> _Exercise requirements_
Search the records for the string "layers", then copy each line that has it.

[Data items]
────────────────────────────────────────

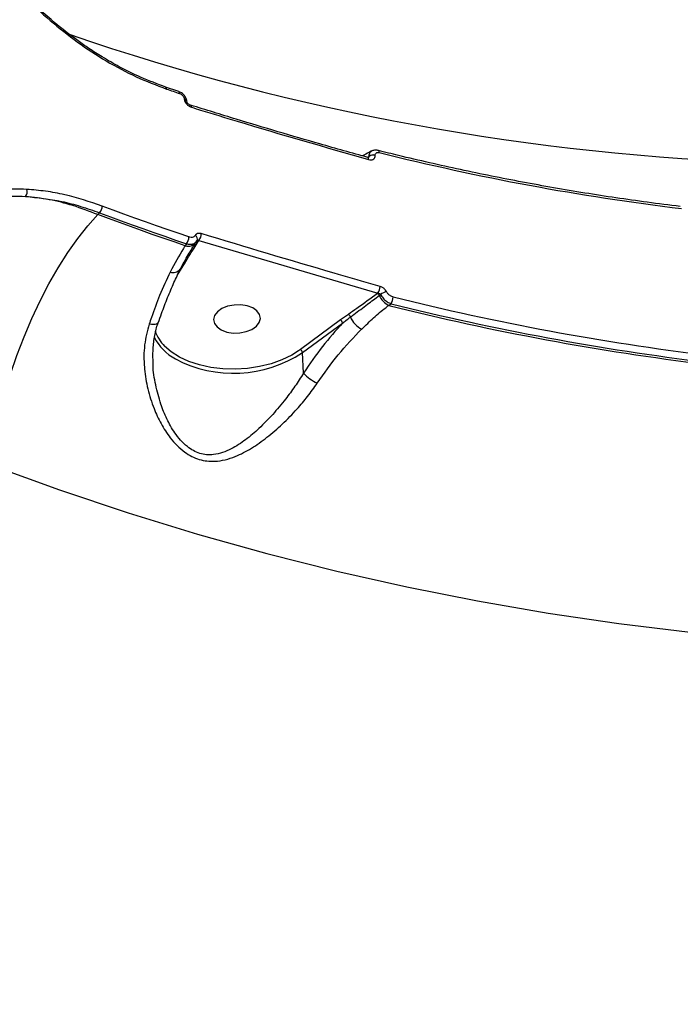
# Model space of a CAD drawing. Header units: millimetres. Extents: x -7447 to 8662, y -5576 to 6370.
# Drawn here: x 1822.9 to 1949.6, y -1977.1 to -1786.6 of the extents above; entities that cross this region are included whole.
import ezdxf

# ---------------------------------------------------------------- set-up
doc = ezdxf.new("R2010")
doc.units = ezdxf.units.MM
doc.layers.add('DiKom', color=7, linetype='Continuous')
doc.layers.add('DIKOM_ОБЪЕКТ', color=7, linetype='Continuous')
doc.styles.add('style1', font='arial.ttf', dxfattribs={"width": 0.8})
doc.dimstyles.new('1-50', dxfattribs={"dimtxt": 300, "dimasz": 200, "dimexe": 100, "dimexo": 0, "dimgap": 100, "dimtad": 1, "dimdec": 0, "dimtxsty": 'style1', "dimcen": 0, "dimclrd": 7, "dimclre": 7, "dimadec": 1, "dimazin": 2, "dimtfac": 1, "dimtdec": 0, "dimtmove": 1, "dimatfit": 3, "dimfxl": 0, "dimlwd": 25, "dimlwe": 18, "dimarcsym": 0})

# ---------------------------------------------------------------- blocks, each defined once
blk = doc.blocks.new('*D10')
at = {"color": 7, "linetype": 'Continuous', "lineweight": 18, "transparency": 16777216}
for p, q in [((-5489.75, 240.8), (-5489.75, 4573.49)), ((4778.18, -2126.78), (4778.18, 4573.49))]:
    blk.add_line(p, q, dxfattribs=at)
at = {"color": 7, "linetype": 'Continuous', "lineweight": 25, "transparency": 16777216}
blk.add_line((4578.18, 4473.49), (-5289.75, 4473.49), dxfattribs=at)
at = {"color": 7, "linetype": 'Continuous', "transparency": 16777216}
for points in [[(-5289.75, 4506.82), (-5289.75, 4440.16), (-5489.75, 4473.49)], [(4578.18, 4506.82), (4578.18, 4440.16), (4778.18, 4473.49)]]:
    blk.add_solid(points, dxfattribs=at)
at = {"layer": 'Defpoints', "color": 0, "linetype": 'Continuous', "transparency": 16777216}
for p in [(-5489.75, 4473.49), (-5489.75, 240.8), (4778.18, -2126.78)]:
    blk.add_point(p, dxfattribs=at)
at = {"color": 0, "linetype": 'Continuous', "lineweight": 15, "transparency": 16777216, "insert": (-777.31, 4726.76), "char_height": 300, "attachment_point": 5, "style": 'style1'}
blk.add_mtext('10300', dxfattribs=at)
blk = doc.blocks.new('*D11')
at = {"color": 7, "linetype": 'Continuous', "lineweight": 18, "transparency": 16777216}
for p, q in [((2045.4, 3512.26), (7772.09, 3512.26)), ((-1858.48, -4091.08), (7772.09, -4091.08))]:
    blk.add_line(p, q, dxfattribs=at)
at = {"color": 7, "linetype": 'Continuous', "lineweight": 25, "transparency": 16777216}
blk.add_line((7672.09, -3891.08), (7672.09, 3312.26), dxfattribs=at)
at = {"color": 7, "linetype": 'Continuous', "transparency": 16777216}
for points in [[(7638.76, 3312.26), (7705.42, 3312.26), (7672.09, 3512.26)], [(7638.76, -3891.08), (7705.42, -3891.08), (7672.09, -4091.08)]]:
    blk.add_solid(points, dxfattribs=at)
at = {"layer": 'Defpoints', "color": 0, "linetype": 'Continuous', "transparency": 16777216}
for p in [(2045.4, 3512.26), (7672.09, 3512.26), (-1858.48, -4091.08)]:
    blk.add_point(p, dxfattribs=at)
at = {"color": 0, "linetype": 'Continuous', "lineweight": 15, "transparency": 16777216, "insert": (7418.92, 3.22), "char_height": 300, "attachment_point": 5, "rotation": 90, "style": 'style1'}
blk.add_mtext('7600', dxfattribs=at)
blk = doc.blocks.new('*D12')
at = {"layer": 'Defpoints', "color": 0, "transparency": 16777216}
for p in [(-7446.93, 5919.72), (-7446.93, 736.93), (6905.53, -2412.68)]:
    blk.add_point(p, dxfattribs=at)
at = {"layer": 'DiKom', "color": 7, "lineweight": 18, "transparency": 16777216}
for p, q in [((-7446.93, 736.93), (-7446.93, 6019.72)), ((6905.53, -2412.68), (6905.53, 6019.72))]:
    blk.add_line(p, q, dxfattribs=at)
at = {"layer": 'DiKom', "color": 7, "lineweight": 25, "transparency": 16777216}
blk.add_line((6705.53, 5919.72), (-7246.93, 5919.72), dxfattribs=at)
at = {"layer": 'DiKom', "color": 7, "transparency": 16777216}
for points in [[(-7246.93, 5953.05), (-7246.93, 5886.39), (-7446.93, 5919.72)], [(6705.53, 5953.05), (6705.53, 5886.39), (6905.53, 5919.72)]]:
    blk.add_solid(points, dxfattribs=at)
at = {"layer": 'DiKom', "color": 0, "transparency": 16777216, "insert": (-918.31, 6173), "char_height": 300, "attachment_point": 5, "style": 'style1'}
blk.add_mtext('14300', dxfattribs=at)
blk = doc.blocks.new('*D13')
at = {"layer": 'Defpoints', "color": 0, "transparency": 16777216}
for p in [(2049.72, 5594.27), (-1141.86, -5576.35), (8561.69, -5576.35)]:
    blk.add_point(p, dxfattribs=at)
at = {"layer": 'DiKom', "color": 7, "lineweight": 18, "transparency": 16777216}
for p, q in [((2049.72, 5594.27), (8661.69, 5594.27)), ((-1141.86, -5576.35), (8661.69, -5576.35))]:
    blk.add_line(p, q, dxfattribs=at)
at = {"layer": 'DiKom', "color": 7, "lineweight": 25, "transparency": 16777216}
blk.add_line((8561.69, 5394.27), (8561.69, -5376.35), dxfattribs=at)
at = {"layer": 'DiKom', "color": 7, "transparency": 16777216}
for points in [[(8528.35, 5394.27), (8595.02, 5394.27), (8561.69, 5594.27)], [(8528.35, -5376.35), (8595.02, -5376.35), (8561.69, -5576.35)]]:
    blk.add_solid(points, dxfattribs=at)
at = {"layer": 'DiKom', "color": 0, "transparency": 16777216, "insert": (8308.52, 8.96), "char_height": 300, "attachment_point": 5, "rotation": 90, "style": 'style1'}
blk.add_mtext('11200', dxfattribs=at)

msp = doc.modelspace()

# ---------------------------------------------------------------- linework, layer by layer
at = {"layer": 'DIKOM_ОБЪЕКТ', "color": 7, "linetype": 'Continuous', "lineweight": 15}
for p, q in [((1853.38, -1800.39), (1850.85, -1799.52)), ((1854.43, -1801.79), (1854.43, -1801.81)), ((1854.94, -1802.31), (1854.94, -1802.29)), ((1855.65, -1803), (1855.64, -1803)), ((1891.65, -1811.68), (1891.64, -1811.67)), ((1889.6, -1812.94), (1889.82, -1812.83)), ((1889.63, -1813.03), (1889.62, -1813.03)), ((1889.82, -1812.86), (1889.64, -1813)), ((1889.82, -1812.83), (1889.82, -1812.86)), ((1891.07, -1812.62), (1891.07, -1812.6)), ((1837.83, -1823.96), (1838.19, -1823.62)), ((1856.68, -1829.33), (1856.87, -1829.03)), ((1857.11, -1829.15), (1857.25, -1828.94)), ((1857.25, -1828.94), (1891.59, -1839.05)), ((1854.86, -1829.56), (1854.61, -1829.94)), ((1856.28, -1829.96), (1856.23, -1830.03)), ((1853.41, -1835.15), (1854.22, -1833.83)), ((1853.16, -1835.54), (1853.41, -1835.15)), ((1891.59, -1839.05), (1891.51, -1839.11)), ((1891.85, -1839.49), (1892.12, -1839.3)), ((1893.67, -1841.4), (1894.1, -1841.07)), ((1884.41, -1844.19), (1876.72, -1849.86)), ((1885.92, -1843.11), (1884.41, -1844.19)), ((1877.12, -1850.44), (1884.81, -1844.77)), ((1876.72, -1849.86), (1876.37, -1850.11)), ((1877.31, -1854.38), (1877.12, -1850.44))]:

────────────────────────────────────────

> _Output below_
doc.layers.add('DiKom', color=7, linetype='Continuous')
doc.layers.add('DIKOM_ОБЪЕКТ', color=7, linetype='Continuous')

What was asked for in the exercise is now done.